Loading Non Conforming Data

gridded is designed to conform to the data model desribed by the following standards:

CF: http://cfconventions.org/

UGRID: http://ugrid-conventions.github.io/ugrid-conventions/

SGRID: http://sgrid.github.io/sgrid/

If your data files conform to those convensions, the gridded should load them automatically:

gridded.Dataset("the_name_of_the_file")

However, if your files do not conform to those convensions, gridded may not be able to figure out what to do, or may do the wrong thing. You have to provide it with more information.

If your files conform to the underlying data model

Many times, the data in your files (in particular netcdf) conform to the underlying data model, but does not have the full metadata to describe the relationship between the variables. In this case, you can provide a mapping of netcdf variable names to the role in the grid:

names_mapping = {'nodes_lon': 'lon',
                 'nodes_lat': 'lat',
                 'faces': 'nbe',
                 }

dataset = gridded.Dataset(ncfile="COOPS_SFBOFS.nc",
      grid_topology=names_mapping
      )

Unstructured Grids

(See the UGRID standard for more detailed explanation)

The core “parts” of the grid are:

Minimum Required (You can make a UGrid that has no actual mesh, but it’s not very useful)

nodes  (Nx2 array of lon, lat coordinates)

or

nodes_lat
nodes_lon

UGrid internally requires a single Nx2 array of coordinates for the nodes.
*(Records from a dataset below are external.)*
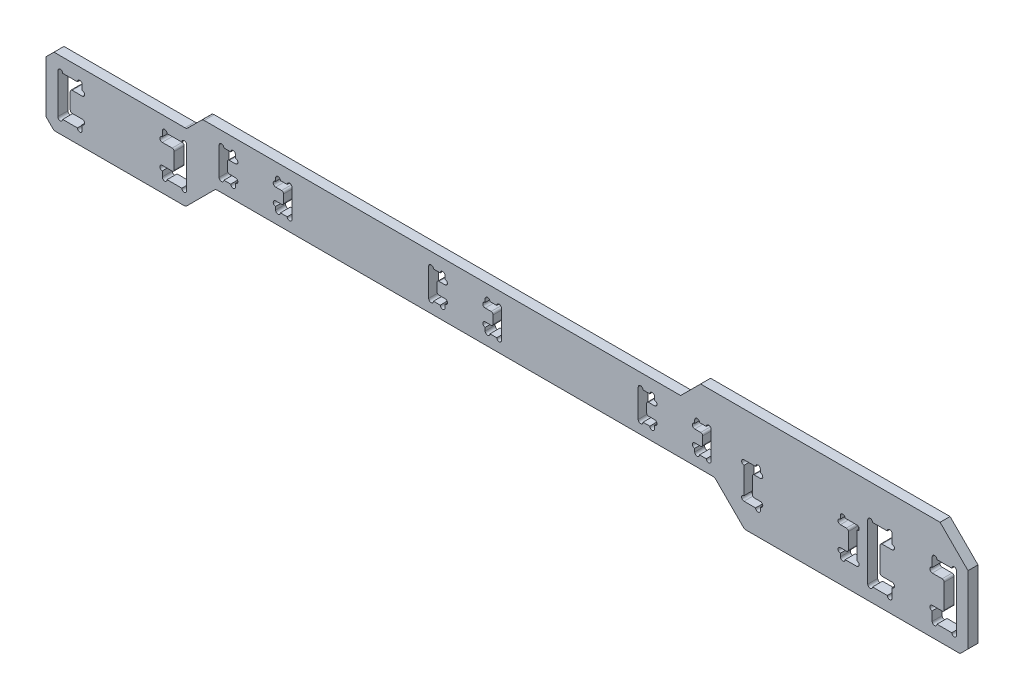
from build123d import *

# Parameters (mm, degrees)
SKETCH_1_W                     = 231
SKETCH_1_H                     = 17
EXTRUDE_1_DEPTH                = 1.25
SKETCH_2_R                     = 0.6
CUT_EXTRUDE_1_DEPTH            = 3.5
FILLET_1_R                     = 0.5
CHAMFER_1_SIZE                 = 2
CUT_EXTRUDE_2_DEPTH            = 3.5
EXTRUDE_2_DEPTH                = 2.5
CUT_EXTRUDE_START              = -3.5
CUT_EXTRUDE_3_DEPTH            = 4.5
SKETCH_6_R                     = 0.6
CUT_EXTRUDE_4_DEPTH            = 3.5
FILLET_2_R                     = 0.5
PATTERN_LINEAR_1_COUNT         = 3
PATTERN_LINEAR_1_PITCH         = 52.5
FILLET_2_OF_PATTERN_LINEAR_1_R = 0.5
CUT_EXTRUDE_5_DEPTH            = 3.5
SKETCH_8_R                     = 0.6
CUT_EXTRUDE_6_DEPTH            = 3.5
FILLET_3_R                     = 0.5
FILLET_4_R                     = 1
CHAMFER_2_SIZE                 = 2
EXTRUDE_3_DEPTH                = 2.5
CUT_EXTRUDE_7_DEPTH            = 3.5
SKETCH_11_R                    = 0.6
CUT_EXTRUDE_8_DEPTH            = 3.5
FILLET_5_R                     = 0.5


with BuildPart() as part:
    # 草图1 → 凸台-拉伸1 (new body, symmetric)
    with BuildSketch(Plane.XY):
        Rectangle(SKETCH_1_W, SKETCH_1_H)
        Polygon((-106.425, 2.5), (-109.425, 2.5), (-109.425, -2.5), (-106.425, -2.5), (-106.425, -5), (-112.525, -5), (-112.525, 5), (-106.425, 5), align=None, mode=Mode.SUBTRACT)
        Polygon((-80.275, -5), (-86.375, -5), (-86.375, -2.5), (-83.375, -2.5), (-83.375, 2.5), (-86.375, 2.5), (-86.375, 5), (-80.275, 5), align=None, mode=Mode.SUBTRACT)
    extrude(amount=EXTRUDE_1_DEPTH, both=True)

    # 草图2 → 切除-拉伸1 (cut, through all)
    with BuildSketch(Plane.XY.offset(1.25)):
        with Locations((-106.425, 3.1)):
            Circle(SKETCH_2_R)
        with Locations((-106.425, -3.1)):
            Circle(SKETCH_2_R)
        with Locations((-107.025, 5)):
            Circle(SKETCH_2_R)
        with Locations((-107.025, -5)):
            Circle(SKETCH_2_R)
        with Locations((-111.925, -5)):
            Circle(SKETCH_2_R)
        with Locations((-111.925, 5)):
            Circle(SKETCH_2_R)
        with Locations((-86.375, 3.1)):
            Circle(SKETCH_2_R)
        with Locations((-86.375, -3.1)):
            Circle(SKETCH_2_R)
        with Locations((-85.775, 5)):
            Circle(SKETCH_2_R)
        with Locations((-80.875, 5)):
            Circle(SKETCH_2_R)
        with Locations((-85.775, -5)):
            Circle(SKETCH_2_R)
        with Locations((-80.875, -5)):
            Circle(SKETCH_2_R)
    extrude(amount=-CUT_EXTRUDE_1_DEPTH, mode=Mode.SUBTRACT)

    # 圆角1
    fillet_1_edges = [part.edges().sort_by_distance(p)[0] for p in [
        (-109.425, -2.5, 0),
        (-109.425, 2.5, 0),
        (-83.375, 2.5, 0),
        (-83.375, -2.5, 0),
    ]]
    fillet(fillet_1_edges, radius=FILLET_1_R)

    # 倒角1
    chamfer_1_edges = [part.edges().sort_by_distance(p)[0] for p in [
        (-115.5, 8.5, 0),
        (-115.5, -8.5, 0),
    ]]
    chamfer(chamfer_1_edges, length=CHAMFER_1_SIZE)

    # 草图3 → 切除-拉伸2 (cut, through all)
    with BuildSketch(Plane.XY.offset(1.25)):
        Polygon((-73, -1), (52, -1), (59.5, -8.5), (-80.5, -8.5), align=None)
    extrude(amount=-CUT_EXTRUDE_2_DEPTH, mode=Mode.SUBTRACT)

    # 草图4 → 凸台-拉伸2 (add)
    with BuildSketch(Plane.XY.offset(1.25)):
        Polygon((-80.275, 8.5), (-76.275, 12.5), (115.5, 12.5), (115.5, 8.5), align=None)
    extrude(amount=-EXTRUDE_2_DEPTH)

    # 草图5 → 切除-拉伸3 (cut)
    with BuildSketch(Plane.XY.offset(1.25).offset(CUT_EXTRUDE_START)):
        Polygon((-68.025, 9), (-72.125, 9), (-72.125, 2), (-68.025, 2), (-68.025, 4), (-70.025, 4), (-70.025, 7), (-68.025, 7), align=None)
        Polygon((-57.975, 9), (-57.975, 7), (-55.975, 7), (-55.975, 4), (-57.975, 4), (-57.975, 2), (-53.875, 2), (-53.875, 9), align=None)
    cut_extrude_3 = extrude(amount=CUT_EXTRUDE_3_DEPTH, mode=Mode.SUBTRACT)

    # 草图6 → 切除-拉伸4 (cut, through all)
    with BuildSketch(Plane.XY.offset(1.25)):
        with Locations((-68.025, 7.6)):
            Circle(SKETCH_6_R)
        with Locations((-68.625, 9)):
            Circle(SKETCH_6_R)
        with Locations((-71.525, 9)):
            Circle(SKETCH_6_R)
        with Locations((-71.525, 2)):
            Circle(SKETCH_6_R)
        with Locations((-68.025, 3.4)):
            Circle(SKETCH_6_R)
        with Locations((-68.625, 2)):
            Circle(SKETCH_6_R)
        with Locations((-57.975, 3.4)):
            Circle(SKETCH_6_R)
        with Locations((-57.975, 7.6)):
            Circle(SKETCH_6_R)
        with Locations((-57.375, 9)):
            Circle(SKETCH_6_R)
        with Locations((-57.375, 2)):
            Circle(SKETCH_6_R)
        with Locations((-54.475, 2)):
            Circle(SKETCH_6_R)
        with Locations((-54.475, 9)):
            Circle(SKETCH_6_R)
    cut_extrude_4 = extrude(amount=-CUT_EXTRUDE_4_DEPTH, mode=Mode.SUBTRACT)

    # 圆角2
    fillet_2_edges = [part.edges().sort_by_distance(p)[0] for p in [
        (-70.025, 7, 0),
        (-70.025, 4, 0),
        (-55.975, 7, 0),
        (-55.975, 4, 0),
    ]]
    fillet(fillet_2_edges, radius=FILLET_2_R)

    # 阵列(线性)1: 切除-拉伸3, 切除-拉伸4 ×3
    with Locations(*[(i * PATTERN_LINEAR_1_PITCH, 0, 0) for i in range(1, PATTERN_LINEAR_1_COUNT)]):
        add(cut_extrude_3, mode=Mode.SUBTRACT)
        add(cut_extrude_4, mode=Mode.SUBTRACT)

    # 圆角2 of 阵列(线性)1
    fillet_2_of_pattern_linear_1_edges = [part.edges().sort_by_distance(p)[0] for p in [
        (-17.525, 7, 0),
        (-17.525, 4, 0),
        (-3.475, 7, 0),
        (-3.475, 4, 0),
        (34.975, 7, 0),
        (34.975, 4, 0),
        (49.025, 7, 0),
        (49.025, 4, 0),
    ]]
    fillet(fillet_2_of_pattern_linear_1_edges, radius=FILLET_2_OF_PATTERN_LINEAR_1_R)

    # 草图7 → 切除-拉伸5 (cut, through all)
    with BuildSketch(Plane.XY.offset(1.25)):
        Polygon((106.525, 9), (112.625, 9), (112.625, -5), (106.525, -5), (106.525, -1.5), (109.525, -1.5), (109.525, 5.5), (106.525, 5.5), align=None)
        Polygon((96.475, 5.5), (96.475, 9), (90.375, 9), (90.375, -5), (96.475, -5), (96.475, -1.5), (93.475, -1.5), (93.475, 5.5), align=None)
    extrude(amount=-CUT_EXTRUDE_5_DEPTH, mode=Mode.SUBTRACT)

    # 草图8 → 切除-拉伸6 (cut, through all)
    with BuildSketch(Plane.XY.offset(1.25)):
        with Locations((90.975, 9)):
            Circle(SKETCH_8_R)
        with Locations((95.875, 9)):
            Circle(SKETCH_8_R)
        with Locations((96.475, 6.1)):
            Circle(SKETCH_8_R)
        with Locations((96.475, -2.1)):
            Circle(SKETCH_8_R)
        with Locations((95.875, -5)):
            Circle(SKETCH_8_R)
        with Locations((90.975, -5)):
            Circle(SKETCH_8_R)
        with Locations((106.525, 6.1)):
            Circle(SKETCH_8_R)
        with Locations((106.525, -2.1)):
            Circle(SKETCH_8_R)
        with Locations((107.125, 9)):
            Circle(SKETCH_8_R)
        with Locations((112.025, 9)):
            Circle(SKETCH_8_R)
        with Locations((112.025, -5)):
            Circle(SKETCH_8_R)
        with Locations((107.125, -5)):
            Circle(SKETCH_8_R)
    extrude(amount=-CUT_EXTRUDE_6_DEPTH, mode=Mode.SUBTRACT)

    # 圆角3
    fillet_3_edges = [part.edges().sort_by_distance(p)[0] for p in [
        (109.525, -1.5, 0),
        (109.525, 5.5, 0),
        (93.475, 5.5, 0),
        (93.475, -1.5, 0),
    ]]
    fillet(fillet_3_edges, radius=FILLET_3_R)

    # 圆角4
    fillet_4_edges = [part.edges().sort_by_distance(p)[0] for p in [
        (-80.5, -8.5, 0),
        (-73, -1, 0),
        (52, -1, 0),
        (59.5, -8.5, 0),
        (-80.275, 8.5, 0),
        (-76.275, 12.5, 0),
    ]]
    fillet(fillet_4_edges, radius=FILLET_4_R)

    # 倒角2
    chamfer_2_edges = [part.edges().sort_by_distance(p)[0] for p in [
        (115.5, 12.5, 0),
        (115.5, -8.5, 0),
    ]]
    chamfer(chamfer_2_edges, length=CHAMFER_2_SIZE)

    # 草图9 → 凸台-拉伸3 (add)
    with BuildSketch(Plane.XY.offset(1.25)):
        Polygon((113.5, 12.5), (108.5, 17.5), (48.5, 17.5), (43.5, 12.5), align=None)
    extrude(amount=-EXTRUDE_3_DEPTH)

    # 草图10 → 切除-拉伸7 (cut, through all)
    with BuildSketch(Plane.XY.offset(1.25)):
        Polygon((59.375, 6.5), (63.475, 6.5), (63.475, 4.5), (61.475, 4.5), (61.475, -0.5), (63.475, -0.5), (63.475, -2.5), (59.375, -2.5), align=None)
        Polygon((83.525, 6.5), (83.525, 4.5), (85.525, 4.5), (85.525, -0.5), (83.525, -0.5), (83.525, -2.5), (87.625, -2.5), (87.625, 6.5), align=None)
    extrude(amount=-CUT_EXTRUDE_7_DEPTH, mode=Mode.SUBTRACT)

    # 草图11 → 切除-拉伸8 (cut, through all)
    with BuildSketch(Plane.XY.offset(1.25)):
        with Locations((63.475, 5.1)):
            Circle(SKETCH_11_R)
        with Locations((62.875, 6.5)):
            Circle(SKETCH_11_R)
        with Locations((59.375, 5.9)):
            Circle(SKETCH_11_R)
        with Locations((59.375, -1.9)):
            Circle(SKETCH_11_R)
        with Locations((63.475, -1.1)):
            Circle(SKETCH_11_R)
        with Locations((62.875, -2.5)):
            Circle(SKETCH_11_R)
        with Locations((83.525, -1.1)):
            Circle(SKETCH_11_R)
        with Locations((84.125, -2.5)):
            Circle(SKETCH_11_R)
        with Locations((87.625, -1.9)):
            Circle(SKETCH_11_R)
        with Locations((87.625, 5.9)):
            Circle(SKETCH_11_R)
        with Locations((83.525, 5.1)):
            Circle(SKETCH_11_R)
        with Locations((84.125, 6.5)):
            Circle(SKETCH_11_R)
    extrude(amount=-CUT_EXTRUDE_8_DEPTH, mode=Mode.SUBTRACT)

    # 圆角5
    fillet_5_edges = [part.edges().sort_by_distance(p)[0] for p in [
        (61.475, 4.5, 0),
        (61.475, -0.5, 0),
        (85.525, -0.5, 0),
        (85.525, 4.5, 0),
    ]]
    fillet(fillet_5_edges, radius=FILLET_5_R)


solid = part.part

It will concatenate separate arrays for you when constructing the grid object.

Usually Required (You can make a UGrid that has no actual mesh, but it’s not very useful):

faces

The faces define the grid itself, in terms of the nodes. “face” is a 2D cell.

Optional: (a number of these can be constructed for you by gridded):

edges
boundaries
face_face_connectivity
face_edge_connectivity
edge_coordinates
face_coordinates
boundary_coordinates

Curvilinear Grids

(See the SGRID standard for more detailed explanation)

The core “parts” of the grid are:

Minimum Required

Nodes of the grid – MxNx2 arrays:

node_lon
node_lat

Optional

If some elements in the node arrays are invalid, the mask:

node_mask

If there are data on cell centers:

center_lon
center_lat
center_mask

If there are data on the cell edges:

edge1_lon
edge1_lat
edge1_mask
edge2_lon
edge2_lat
edge2_mask

For staggered grids, if there is padding: “none”, high”, “low”, “both”

node_padding edge1_padding edge2_padding face_padding

If your files do not conform to the underlying data model

gridded Datasets can be initialized entirely with direct data in anything that can be “turned in to” a numpy array: lists, numpy arrays, etc.

So your files can be in a totally different file format (text, etc), or be in netcdf in a form that is incompatible with the standards, you can pre-process the input data, and construct the parts of the gridded.Dataset:

Here is an example of an unstructured grid:

(Complete example in the Examples dir: gridded/Examples/load_arbitrary_ugrid.py)

A complete gridded.Dataset has:

  • A Grid object

Optionally:

  • Variables containing data on that grid.

  • A Time object if the data are time dependent

  • A Depth object, if the data are 3-d

The Grid

nc = netCDF4.Dataset("SanDiego.nc")

# need to convert to zero-indexing
nodes = nc.variables['nodes'][:] - 1
faces = nc.variables['E3T'][:, :3] - 1

# make the grid
# gridded.grids.Grid_U
grid = gridded.grids.Grid_U(nodes=nodes,
                            faces=faces,
                            )

# make the time object (handles time interpolation, etc)
times_var = nc.variables['times'][:]

# Time axis needs to be a list of datetime objects.
# If the meta data are not there in the netcdf file, you have to do it by hand.
start = datetime(2019, 1, 1, 12)
times = [start + timedelta(seconds=val) for val in times_var]

# This isn't a compliant file, so this will not work.
# time_obj = gridded.time.Time.from_netCDF(dataset=nc,
#                                          varname='times')

time_obj = gridded.time.Time(data=times,
                             filename=None,
                             varname=None,
                             tz_offset=None,
                             origin=None,
                             displacement=timedelta(seconds=0),)

# make the variables
depth = nc.variables['Depth']

depth_var = gridded.variable.Variable(name=None,
                                      units="meters",
                                      time=None,
                                      data=depth,
                                      grid=grid,
                                      depth=None,
                                      data_file=nc,
                                      grid_file=nc,
                                      dataset=None,
                                      varname=None, # huh??
                                      fill_value=0,
                                      attributes=None)

# global attributes
attrs = {key: nc.getncattr(key) for key in nc.ncattrs()}

# now make a dataset out of it all:
ds = gridded.Dataset(ncfile=None,
                     grid=grid,
                     variables={'Depth': depth_var},
                     attributes=attrs)